Flying into Hong Kong in the 1980s, Canadian photographer Greg Girard never tired of the thrill of arriving at Kai Tak Airport.

Often described as one of the most dangerous approaches in the world, planes landing on the small runway jutting out into Victoria Harbour first had to fly over the densely packed neighbourhoods of Kowloon, seemingly skimming the tops of high-rise apartment blocks.

Mr. Girard called the airport’s proximity to the city “absolutely astonishing,” all the more so because most Hong Kongers didn’t really seem to think so. “There was a world-weary kind of indifference to what, for an outsider, made the place so extraordinary.”

Kai Tak was closed 25 years ago, on July 6, 1998, almost a year after control of Hong Kong had passed from Britain to China. It was replaced by the far larger Hong Kong International Airport (HKG), built on reclaimed land off the coast of Lantau Island, about 40 kilometres from the old airport, which has since been transformed into a cruise terminal.

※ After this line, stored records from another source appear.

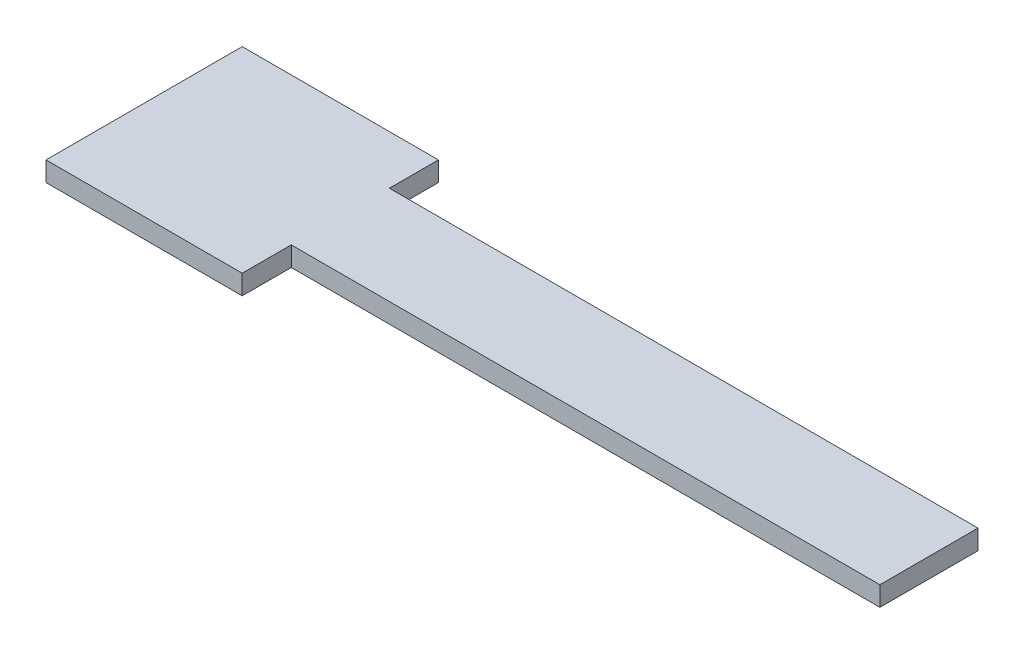
from build123d import *

# Parameters (mm, degrees)
SKETCH1_W      = 60
SKETCH1_H      = 10
EXTRUDE1_DEPTH = 2
SKETCH2_W      = 20
SKETCH2_H      = 20
EXTRUDE2_DEPTH = 2


with BuildPart() as part:
    # Sketch1 → Extrude1 (new body)
    with BuildSketch(Plane(origin=(0, 0, 0), x_dir=(1, 0, 0), z_dir=(0, 1, 0))):
        with Locations((30, 5)):
            Rectangle(SKETCH1_W, SKETCH1_H)
    extrude(amount=EXTRUDE1_DEPTH)

    # Sketch2 → Extrude2 (add)
    with BuildSketch(Plane(origin=(0, 2, 0), x_dir=(-1, 0, 0), z_dir=(0, 1, 0))):
        with Locations((10, -5)):
            Rectangle(SKETCH2_W, SKETCH2_H)
    extrude(amount=-EXTRUDE2_DEPTH)


solid = part.part
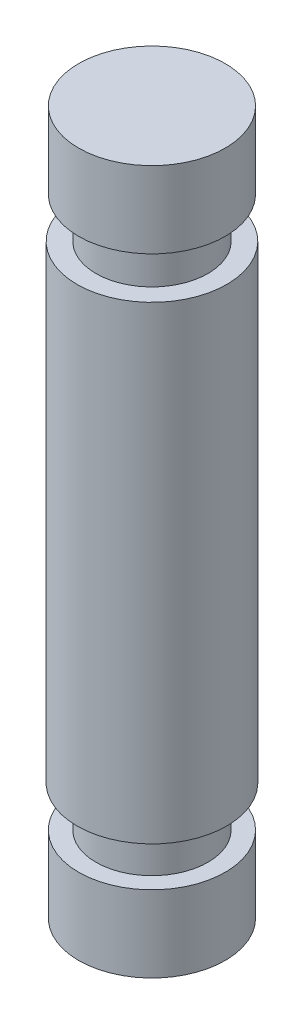
from build123d import *

# Parameters (mm, degrees)
SKETCH2_R           = 3.5
BOSS_EXTRUDE1_DEPTH = 3.65
SKETCH3_R           = 2.675
BOSS_EXTRUDE2_DEPTH = 1.95
SKETCH4_R           = 3.575
BOSS_EXTRUDE3_DEPTH = 22.4
SKETCH5_R           = 2.675
BOSS_EXTRUDE4_DEPTH = 1.95
SKETCH6_R           = 3.5
BOSS_EXTRUDE5_DEPTH = 3.65


with BuildPart() as part:
    # Sketch2 → Boss-Extrude1 (new body)
    with BuildSketch(Plane(origin=(0, 0, 0), x_dir=(1, 0, 0), z_dir=(0, 1, 0))):
        Circle(SKETCH2_R)
    extrude(amount=BOSS_EXTRUDE1_DEPTH)

    # Sketch3 → Boss-Extrude2 (add)
    with BuildSketch(Plane(origin=(0, 3.65, 0), x_dir=(1, 0, 0), z_dir=(0, 1, 0))):
        Circle(SKETCH3_R)
    extrude(amount=BOSS_EXTRUDE2_DEPTH)

    # Sketch4 → Boss-Extrude3 (add)
    with BuildSketch(Plane(origin=(0, 5.6, 0), x_dir=(1, 0, 0), z_dir=(0, 1, 0))):
        Circle(SKETCH4_R)
    extrude(amount=BOSS_EXTRUDE3_DEPTH)

    # Sketch5 → Boss-Extrude4 (add)
    with BuildSketch(Plane(origin=(0, 28, 0), x_dir=(1, 0, 0), z_dir=(0, 1, 0))):
        Circle(SKETCH5_R)
    extrude(amount=BOSS_EXTRUDE4_DEPTH)

    # Sketch6 → Boss-Extrude5 (add)
    with BuildSketch(Plane(origin=(0, 29.95, 0), x_dir=(1, 0, 0), z_dir=(0, 1, 0))):
        Circle(SKETCH6_R)
    extrude(amount=BOSS_EXTRUDE5_DEPTH)


solid = part.part
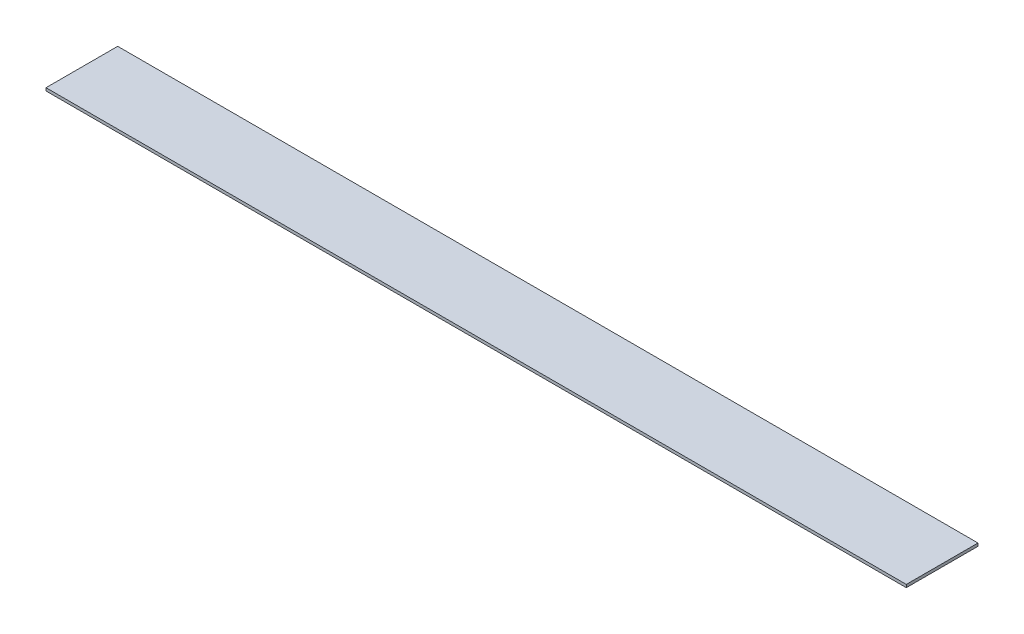
from build123d import *

# Parameters (mm, degrees)
SKETCH1_W           = 300
SKETCH1_H           = 25
BOSS_EXTRUDE1_DEPTH = 1


with BuildPart() as part:
    # Sketch1 → Boss-Extrude1 (new body)
    with BuildSketch(Plane(origin=(0, 0, 0), x_dir=(1, 0, 0), z_dir=(0, 1, 0))):
        Rectangle(SKETCH1_W, SKETCH1_H)
    extrude(amount=BOSS_EXTRUDE1_DEPTH)


solid = part.part
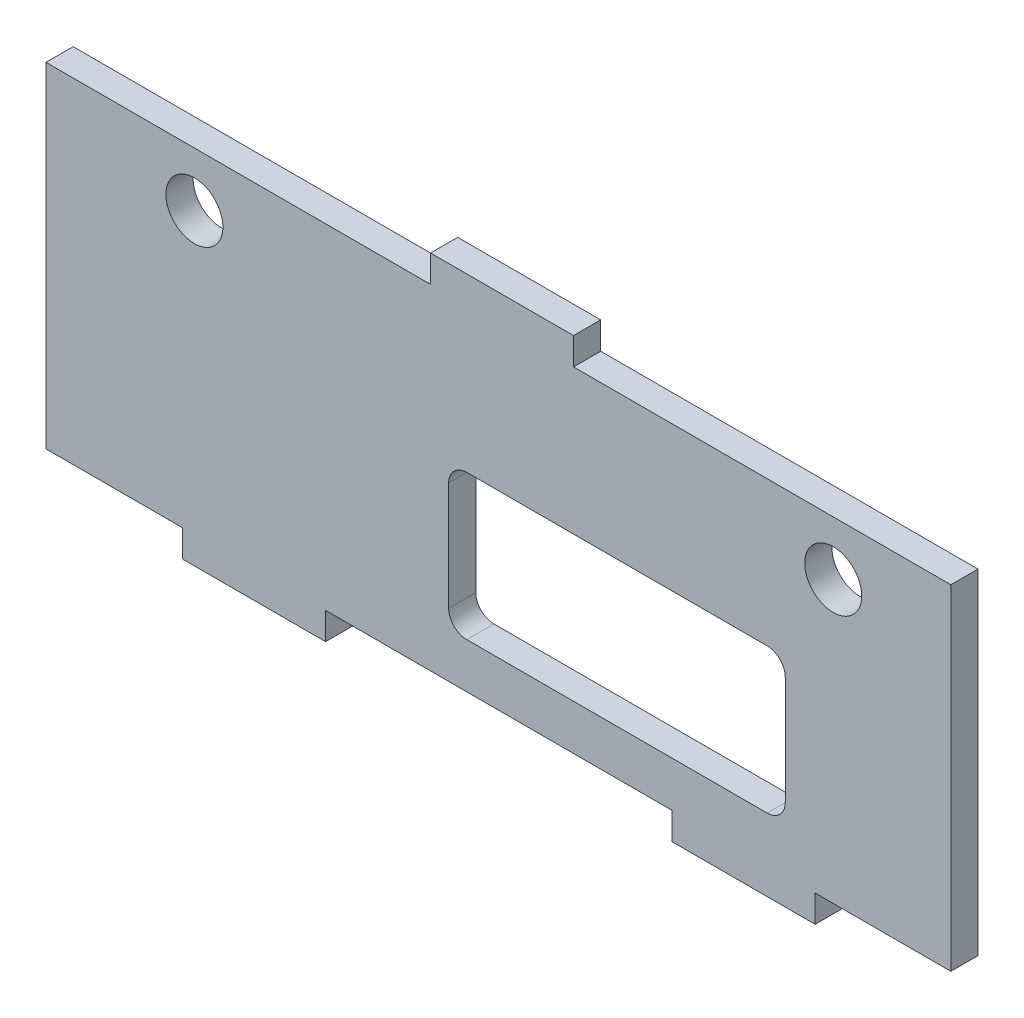
from build123d import *

# Parameters (mm, degrees)
CROQUIS1_R              = 3.15
SALIENTE_EXTRUIR1_DEPTH = 3


with BuildPart() as part:
    # Croquis1 → Saliente-Extruir1 (new body)
    with BuildSketch(Plane.XY):
        Polygon((8.3, 21.5), (-7.5, 21.5), (-7.5, 18.5), (-50, 18.5), (-50, -18.5), (-34.9, -18.5), (-34.9, -21.5), (-19.1, -21.5), (-19.1, -18.5), (19.2, -18.5), (19.2, -21.5), (35, -21.5), (35, -18.5), (50, -18.5), (50, 18.5), (8.3, 18.5), align=None)
        with BuildLine():
            ThreePointArc((-5.5, 0.5), (-4.914213562, 1.914213562), (-3.5, 2.5))
            Line((-3.5, 2.5), (29.7, 2.5))
            ThreePointArc((29.7, 2.5), (31.114213562, 1.914213562), (31.7, 0.5))
            Line((31.7, 0.5), (31.7, -11.5))
            ThreePointArc((31.7, -11.5), (31.114213562, -12.914213562), (29.7, -13.5))
            Line((29.7, -13.5), (-3.5, -13.5))
            ThreePointArc((-3.5, -13.5), (-4.914213562, -12.914213562), (-5.5, -11.5))
            Line((-5.5, -11.5), (-5.5, 0.5))
        make_face(mode=Mode.SUBTRACT)
        with Locations((-33.6, 12.5)):
            Circle(CROQUIS1_R, mode=Mode.SUBTRACT)
        with Locations((37, 12.5)):
            Circle(CROQUIS1_R, mode=Mode.SUBTRACT)
    extrude(amount=SALIENTE_EXTRUIR1_DEPTH)


solid = part.part

HKG would become one of the world’s busiest airports, but older Hong Kongers look back fondly on Kai Tak. It looked more or less like any other airport of its day, but it was slightly less sterile than modern ones. It offered many their first taste of international travel and features in iconic movies such as Wong Kar-wai’s Chungking Express, which can help obfuscate memories of the occasionally heart-stopping moments they had on approach.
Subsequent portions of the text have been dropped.